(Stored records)
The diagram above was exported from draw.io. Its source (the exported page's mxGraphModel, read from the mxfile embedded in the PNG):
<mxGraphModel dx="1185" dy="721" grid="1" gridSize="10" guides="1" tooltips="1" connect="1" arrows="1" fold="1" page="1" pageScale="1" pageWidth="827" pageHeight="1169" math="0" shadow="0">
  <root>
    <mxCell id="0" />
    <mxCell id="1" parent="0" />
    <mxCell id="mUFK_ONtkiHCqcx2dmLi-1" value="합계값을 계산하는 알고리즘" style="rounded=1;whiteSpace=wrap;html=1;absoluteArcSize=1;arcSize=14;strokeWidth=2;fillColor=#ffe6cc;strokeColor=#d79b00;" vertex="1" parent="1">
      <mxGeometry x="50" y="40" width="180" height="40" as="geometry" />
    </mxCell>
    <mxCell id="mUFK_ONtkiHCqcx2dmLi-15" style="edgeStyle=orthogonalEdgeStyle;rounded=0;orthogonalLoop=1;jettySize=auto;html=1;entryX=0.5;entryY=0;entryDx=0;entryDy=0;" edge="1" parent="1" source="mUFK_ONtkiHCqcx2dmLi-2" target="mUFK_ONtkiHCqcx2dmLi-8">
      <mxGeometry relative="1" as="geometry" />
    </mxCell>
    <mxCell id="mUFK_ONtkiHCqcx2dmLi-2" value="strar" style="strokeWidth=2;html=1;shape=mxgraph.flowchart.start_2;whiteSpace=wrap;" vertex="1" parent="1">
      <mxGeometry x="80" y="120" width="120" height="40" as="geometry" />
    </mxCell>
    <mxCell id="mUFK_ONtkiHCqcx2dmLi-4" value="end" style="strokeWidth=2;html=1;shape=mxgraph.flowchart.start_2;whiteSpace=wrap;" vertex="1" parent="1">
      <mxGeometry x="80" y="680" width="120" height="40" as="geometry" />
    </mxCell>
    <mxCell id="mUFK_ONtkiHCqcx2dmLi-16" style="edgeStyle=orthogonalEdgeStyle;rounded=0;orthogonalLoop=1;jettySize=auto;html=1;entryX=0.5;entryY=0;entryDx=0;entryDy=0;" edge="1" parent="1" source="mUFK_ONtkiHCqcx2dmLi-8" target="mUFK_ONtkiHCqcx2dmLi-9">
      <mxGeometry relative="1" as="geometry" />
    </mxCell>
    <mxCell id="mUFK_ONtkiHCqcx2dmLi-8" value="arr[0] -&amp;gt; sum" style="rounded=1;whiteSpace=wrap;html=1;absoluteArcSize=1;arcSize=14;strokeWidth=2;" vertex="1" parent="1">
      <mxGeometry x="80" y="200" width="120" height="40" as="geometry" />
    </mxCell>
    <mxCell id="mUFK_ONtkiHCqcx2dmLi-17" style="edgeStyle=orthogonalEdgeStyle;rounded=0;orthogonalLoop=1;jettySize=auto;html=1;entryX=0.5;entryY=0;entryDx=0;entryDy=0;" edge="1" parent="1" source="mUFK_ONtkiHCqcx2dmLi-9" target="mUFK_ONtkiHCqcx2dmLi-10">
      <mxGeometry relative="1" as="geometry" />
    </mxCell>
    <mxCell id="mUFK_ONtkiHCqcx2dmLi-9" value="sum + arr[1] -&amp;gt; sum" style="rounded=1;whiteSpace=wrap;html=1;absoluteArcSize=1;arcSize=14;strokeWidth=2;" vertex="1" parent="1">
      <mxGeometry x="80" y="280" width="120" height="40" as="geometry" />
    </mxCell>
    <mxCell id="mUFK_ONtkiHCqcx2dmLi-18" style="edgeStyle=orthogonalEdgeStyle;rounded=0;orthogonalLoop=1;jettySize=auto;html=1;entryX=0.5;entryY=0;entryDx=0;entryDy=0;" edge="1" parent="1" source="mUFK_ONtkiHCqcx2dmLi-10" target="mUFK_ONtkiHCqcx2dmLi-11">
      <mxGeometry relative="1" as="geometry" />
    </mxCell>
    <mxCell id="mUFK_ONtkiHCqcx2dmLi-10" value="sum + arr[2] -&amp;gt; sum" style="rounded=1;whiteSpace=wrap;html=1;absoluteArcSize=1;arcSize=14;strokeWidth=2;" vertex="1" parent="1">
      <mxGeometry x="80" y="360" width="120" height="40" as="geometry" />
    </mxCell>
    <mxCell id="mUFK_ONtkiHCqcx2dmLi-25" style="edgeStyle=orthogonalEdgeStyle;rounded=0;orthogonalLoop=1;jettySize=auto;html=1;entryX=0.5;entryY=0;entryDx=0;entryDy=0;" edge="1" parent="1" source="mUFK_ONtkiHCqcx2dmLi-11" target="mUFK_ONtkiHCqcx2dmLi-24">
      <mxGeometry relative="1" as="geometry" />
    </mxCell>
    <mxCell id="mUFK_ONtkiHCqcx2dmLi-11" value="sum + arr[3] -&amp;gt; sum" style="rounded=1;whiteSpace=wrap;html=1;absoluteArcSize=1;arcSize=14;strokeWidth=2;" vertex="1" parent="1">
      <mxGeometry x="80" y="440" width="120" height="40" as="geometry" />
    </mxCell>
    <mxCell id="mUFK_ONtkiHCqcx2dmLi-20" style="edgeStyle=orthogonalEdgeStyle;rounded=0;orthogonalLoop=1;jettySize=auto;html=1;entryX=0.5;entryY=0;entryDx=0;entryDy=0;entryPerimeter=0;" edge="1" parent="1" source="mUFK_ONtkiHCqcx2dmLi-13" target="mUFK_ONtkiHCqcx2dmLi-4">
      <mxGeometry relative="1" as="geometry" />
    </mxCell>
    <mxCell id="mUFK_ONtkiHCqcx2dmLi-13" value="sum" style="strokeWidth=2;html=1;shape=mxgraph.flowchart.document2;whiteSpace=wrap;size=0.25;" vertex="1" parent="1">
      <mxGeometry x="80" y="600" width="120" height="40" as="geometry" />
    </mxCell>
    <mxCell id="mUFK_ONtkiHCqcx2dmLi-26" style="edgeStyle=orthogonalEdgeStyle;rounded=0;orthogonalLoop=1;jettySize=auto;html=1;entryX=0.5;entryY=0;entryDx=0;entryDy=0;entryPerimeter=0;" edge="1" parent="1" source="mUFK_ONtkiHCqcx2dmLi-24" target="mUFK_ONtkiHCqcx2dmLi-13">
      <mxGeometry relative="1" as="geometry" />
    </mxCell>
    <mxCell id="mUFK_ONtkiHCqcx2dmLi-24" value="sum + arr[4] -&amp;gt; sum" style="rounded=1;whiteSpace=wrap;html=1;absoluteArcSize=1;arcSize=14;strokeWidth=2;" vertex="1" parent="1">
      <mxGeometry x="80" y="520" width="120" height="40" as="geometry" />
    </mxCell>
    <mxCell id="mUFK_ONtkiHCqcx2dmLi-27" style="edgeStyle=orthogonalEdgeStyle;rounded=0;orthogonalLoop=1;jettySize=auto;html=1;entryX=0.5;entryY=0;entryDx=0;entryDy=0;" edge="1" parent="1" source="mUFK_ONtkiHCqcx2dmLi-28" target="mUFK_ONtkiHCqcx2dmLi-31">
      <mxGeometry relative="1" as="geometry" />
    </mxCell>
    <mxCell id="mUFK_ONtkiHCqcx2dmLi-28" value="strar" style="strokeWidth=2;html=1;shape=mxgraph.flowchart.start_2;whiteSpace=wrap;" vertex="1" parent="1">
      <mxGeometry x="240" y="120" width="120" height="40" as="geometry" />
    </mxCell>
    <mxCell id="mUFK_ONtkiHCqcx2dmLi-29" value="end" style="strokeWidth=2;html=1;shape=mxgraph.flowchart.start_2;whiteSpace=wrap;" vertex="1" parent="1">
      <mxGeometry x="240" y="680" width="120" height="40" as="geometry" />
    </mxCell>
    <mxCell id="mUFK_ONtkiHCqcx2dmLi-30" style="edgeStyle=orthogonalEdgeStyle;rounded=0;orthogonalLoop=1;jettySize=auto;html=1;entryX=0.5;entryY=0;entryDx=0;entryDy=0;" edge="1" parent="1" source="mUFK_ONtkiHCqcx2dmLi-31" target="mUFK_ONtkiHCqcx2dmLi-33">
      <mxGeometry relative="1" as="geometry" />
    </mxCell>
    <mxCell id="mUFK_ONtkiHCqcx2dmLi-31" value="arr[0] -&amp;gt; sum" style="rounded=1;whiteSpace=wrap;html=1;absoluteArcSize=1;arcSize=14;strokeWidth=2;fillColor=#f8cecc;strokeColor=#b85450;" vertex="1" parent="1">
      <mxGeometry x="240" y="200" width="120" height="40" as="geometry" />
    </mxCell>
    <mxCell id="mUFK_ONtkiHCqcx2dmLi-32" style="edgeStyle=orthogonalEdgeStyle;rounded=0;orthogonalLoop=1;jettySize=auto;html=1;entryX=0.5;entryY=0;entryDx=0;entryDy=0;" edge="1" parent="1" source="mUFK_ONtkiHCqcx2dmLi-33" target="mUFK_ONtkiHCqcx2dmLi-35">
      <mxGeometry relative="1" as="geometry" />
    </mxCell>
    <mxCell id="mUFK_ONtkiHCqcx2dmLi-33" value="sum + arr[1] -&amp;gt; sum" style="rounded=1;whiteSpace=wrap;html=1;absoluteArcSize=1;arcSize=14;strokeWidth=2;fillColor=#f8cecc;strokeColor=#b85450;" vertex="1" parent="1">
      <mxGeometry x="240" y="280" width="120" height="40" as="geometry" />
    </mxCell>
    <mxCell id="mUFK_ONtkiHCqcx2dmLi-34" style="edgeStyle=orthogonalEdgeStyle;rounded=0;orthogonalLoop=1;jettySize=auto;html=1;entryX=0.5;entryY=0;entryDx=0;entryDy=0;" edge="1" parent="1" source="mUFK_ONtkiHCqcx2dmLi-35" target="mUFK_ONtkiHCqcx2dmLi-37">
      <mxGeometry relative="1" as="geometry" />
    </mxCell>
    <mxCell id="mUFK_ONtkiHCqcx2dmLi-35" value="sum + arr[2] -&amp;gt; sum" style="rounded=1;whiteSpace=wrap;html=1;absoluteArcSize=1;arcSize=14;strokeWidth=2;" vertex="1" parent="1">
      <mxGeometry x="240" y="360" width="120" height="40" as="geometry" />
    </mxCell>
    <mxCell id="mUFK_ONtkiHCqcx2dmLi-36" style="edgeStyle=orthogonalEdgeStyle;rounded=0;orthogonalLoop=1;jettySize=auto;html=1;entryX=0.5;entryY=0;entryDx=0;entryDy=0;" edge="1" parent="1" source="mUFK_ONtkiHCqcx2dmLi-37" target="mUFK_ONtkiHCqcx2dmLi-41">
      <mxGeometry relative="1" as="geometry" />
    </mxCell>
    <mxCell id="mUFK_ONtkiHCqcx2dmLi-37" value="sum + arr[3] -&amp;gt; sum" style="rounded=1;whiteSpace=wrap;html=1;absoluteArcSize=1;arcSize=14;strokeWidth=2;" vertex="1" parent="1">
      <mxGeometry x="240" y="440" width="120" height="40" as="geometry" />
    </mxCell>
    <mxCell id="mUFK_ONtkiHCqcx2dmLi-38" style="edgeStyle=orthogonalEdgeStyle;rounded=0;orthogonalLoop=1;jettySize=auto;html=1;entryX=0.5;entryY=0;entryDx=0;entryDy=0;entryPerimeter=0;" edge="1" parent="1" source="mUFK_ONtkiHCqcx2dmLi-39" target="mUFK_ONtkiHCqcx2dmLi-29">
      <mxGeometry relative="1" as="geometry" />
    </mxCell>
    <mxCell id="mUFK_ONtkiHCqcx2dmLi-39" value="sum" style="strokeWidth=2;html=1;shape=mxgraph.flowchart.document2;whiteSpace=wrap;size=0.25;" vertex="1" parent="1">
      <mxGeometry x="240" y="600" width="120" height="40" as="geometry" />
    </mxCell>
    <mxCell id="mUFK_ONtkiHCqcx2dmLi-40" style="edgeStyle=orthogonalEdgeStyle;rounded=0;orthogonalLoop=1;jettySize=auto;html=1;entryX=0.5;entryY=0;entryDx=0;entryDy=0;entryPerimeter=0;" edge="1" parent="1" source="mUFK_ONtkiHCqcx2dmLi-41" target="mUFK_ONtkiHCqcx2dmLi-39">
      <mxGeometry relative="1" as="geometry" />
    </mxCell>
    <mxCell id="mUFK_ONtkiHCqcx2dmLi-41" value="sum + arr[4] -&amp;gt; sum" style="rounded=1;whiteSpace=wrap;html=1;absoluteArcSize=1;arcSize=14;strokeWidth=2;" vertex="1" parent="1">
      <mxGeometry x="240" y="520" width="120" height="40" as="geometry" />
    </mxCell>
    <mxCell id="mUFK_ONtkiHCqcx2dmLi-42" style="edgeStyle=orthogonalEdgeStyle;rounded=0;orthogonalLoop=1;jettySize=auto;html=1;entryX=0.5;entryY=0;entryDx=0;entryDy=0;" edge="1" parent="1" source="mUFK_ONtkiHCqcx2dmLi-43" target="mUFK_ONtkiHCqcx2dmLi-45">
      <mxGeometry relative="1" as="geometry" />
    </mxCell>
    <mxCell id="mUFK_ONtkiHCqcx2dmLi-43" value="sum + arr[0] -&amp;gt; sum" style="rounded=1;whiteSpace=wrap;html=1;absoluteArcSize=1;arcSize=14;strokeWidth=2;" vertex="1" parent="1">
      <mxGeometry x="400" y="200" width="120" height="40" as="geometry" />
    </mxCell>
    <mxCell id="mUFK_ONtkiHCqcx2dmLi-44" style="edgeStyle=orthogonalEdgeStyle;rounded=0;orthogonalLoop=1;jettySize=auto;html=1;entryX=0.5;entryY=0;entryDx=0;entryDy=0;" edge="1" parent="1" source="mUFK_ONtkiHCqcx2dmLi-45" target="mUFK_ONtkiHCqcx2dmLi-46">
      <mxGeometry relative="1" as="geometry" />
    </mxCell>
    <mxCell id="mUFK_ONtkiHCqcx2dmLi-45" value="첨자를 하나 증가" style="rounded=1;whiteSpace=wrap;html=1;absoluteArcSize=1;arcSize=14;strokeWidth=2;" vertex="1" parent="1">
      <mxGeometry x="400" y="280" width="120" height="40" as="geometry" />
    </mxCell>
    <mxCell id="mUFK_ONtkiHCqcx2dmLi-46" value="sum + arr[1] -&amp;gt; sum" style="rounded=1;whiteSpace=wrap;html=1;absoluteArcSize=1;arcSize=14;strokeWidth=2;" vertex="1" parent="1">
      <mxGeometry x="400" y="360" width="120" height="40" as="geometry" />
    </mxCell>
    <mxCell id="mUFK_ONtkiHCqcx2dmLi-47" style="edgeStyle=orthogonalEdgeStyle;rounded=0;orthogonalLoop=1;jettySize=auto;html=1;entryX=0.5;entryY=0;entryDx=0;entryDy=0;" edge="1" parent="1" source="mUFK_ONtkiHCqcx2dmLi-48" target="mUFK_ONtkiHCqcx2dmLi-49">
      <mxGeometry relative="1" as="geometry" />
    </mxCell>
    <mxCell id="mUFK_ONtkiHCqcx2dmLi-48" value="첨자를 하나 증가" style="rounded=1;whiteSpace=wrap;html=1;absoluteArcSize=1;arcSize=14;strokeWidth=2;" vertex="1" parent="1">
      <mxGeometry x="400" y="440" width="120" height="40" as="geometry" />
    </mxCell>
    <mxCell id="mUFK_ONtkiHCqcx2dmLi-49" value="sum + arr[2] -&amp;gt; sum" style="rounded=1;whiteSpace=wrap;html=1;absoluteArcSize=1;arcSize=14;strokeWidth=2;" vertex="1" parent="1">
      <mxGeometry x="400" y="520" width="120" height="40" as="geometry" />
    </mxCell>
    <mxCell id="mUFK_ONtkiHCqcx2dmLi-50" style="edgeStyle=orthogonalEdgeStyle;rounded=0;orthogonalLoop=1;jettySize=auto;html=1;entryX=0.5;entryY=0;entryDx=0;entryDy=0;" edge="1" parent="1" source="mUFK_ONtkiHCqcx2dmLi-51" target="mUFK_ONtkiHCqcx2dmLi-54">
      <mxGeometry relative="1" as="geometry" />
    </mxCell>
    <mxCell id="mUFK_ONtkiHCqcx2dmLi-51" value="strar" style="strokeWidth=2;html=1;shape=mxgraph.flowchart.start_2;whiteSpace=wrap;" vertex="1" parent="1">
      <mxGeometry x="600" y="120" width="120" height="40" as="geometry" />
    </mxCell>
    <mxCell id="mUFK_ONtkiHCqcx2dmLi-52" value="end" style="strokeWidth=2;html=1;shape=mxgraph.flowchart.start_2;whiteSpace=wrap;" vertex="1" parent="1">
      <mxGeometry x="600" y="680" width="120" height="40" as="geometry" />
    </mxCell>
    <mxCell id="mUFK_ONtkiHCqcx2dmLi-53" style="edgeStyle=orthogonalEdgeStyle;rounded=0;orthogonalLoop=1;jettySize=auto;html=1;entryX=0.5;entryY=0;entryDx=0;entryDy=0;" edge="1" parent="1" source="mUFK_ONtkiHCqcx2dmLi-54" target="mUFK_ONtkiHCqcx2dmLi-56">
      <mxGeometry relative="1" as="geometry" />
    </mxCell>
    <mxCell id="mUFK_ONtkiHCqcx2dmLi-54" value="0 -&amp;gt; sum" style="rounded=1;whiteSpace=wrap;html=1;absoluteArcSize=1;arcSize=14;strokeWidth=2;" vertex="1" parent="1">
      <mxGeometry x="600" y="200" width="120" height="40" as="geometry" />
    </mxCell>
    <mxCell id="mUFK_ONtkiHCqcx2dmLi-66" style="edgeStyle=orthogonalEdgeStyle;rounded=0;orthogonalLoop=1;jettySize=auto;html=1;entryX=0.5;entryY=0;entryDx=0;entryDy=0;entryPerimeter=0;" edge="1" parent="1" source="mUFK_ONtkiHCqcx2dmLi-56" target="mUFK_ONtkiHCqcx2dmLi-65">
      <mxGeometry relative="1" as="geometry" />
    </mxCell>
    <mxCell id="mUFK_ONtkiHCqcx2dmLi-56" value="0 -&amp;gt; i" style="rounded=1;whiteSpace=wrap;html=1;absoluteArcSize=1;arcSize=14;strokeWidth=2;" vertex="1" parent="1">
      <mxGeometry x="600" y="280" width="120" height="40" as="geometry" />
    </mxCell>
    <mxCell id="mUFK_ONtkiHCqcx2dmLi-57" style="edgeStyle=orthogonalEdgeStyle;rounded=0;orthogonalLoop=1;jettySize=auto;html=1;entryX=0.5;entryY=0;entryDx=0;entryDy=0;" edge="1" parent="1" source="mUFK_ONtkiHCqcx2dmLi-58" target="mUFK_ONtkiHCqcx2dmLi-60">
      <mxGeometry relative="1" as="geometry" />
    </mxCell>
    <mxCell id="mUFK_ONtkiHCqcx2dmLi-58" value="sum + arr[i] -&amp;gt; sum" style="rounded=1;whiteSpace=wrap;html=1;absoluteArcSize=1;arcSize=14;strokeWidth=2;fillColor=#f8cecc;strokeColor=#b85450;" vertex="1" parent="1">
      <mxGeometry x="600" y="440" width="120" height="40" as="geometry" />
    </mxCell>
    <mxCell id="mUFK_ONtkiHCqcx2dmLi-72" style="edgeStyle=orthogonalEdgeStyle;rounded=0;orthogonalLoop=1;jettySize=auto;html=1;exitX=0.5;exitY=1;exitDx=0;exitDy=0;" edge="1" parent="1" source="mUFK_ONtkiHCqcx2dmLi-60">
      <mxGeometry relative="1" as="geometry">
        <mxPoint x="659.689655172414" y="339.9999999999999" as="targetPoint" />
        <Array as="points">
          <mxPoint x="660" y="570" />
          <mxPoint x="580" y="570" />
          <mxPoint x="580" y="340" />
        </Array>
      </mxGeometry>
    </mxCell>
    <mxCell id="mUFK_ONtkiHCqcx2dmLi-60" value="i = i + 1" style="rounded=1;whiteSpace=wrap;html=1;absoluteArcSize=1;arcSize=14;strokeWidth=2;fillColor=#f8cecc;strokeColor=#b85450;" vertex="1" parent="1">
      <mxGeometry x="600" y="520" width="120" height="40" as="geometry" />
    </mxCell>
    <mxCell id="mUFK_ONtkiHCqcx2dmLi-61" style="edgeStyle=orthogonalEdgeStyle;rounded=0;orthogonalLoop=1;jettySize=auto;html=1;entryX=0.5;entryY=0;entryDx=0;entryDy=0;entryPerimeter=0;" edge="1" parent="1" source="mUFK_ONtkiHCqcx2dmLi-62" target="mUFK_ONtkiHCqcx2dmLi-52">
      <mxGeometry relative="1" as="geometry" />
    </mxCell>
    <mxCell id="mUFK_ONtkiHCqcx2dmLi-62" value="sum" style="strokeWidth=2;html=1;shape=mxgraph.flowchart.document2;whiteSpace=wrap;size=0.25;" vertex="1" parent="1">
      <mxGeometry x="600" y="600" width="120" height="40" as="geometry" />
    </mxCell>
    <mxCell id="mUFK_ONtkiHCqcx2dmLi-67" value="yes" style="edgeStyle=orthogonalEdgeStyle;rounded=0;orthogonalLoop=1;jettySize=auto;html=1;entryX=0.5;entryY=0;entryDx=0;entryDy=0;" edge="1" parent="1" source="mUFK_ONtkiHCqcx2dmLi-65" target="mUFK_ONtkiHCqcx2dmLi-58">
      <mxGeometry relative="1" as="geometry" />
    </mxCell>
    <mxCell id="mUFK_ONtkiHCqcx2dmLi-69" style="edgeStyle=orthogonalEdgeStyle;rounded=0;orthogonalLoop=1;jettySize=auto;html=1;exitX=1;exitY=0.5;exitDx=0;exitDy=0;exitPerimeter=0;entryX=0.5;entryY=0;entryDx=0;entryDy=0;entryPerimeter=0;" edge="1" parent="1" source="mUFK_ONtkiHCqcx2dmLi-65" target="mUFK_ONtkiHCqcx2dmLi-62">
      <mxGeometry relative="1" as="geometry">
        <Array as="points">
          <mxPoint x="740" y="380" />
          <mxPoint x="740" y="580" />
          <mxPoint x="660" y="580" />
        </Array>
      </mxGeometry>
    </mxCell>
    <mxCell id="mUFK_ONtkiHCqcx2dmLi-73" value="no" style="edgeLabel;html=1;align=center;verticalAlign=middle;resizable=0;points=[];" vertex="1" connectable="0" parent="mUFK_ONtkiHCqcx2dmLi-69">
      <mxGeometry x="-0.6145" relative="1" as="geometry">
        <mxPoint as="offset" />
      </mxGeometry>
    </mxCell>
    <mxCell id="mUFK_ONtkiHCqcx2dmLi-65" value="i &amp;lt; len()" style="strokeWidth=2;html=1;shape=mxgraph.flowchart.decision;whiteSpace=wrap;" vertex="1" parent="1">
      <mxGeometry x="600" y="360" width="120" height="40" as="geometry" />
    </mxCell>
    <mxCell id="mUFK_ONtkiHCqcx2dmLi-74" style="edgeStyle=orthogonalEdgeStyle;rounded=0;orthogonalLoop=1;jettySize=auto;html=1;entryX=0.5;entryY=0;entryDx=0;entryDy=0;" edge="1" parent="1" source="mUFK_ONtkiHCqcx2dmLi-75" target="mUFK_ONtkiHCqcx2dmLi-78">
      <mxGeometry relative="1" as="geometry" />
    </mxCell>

THE PROBLEM:
Using the records given above, list every line that includes the word "mxPoint".

EXPECTED ANSWER:
        <mxPoint x="659.689655172414" y="339.9999999999999" as="targetPoint" />
          <mxPoint x="660" y="570" />
          <mxPoint x="580" y="570" />
          <mxPoint x="580" y="340" />
          <mxPoint x="740" y="380" />
          <mxPoint x="740" y="580" />
          <mxPoint x="660" y="580" />
        <mxPoint as="offset" />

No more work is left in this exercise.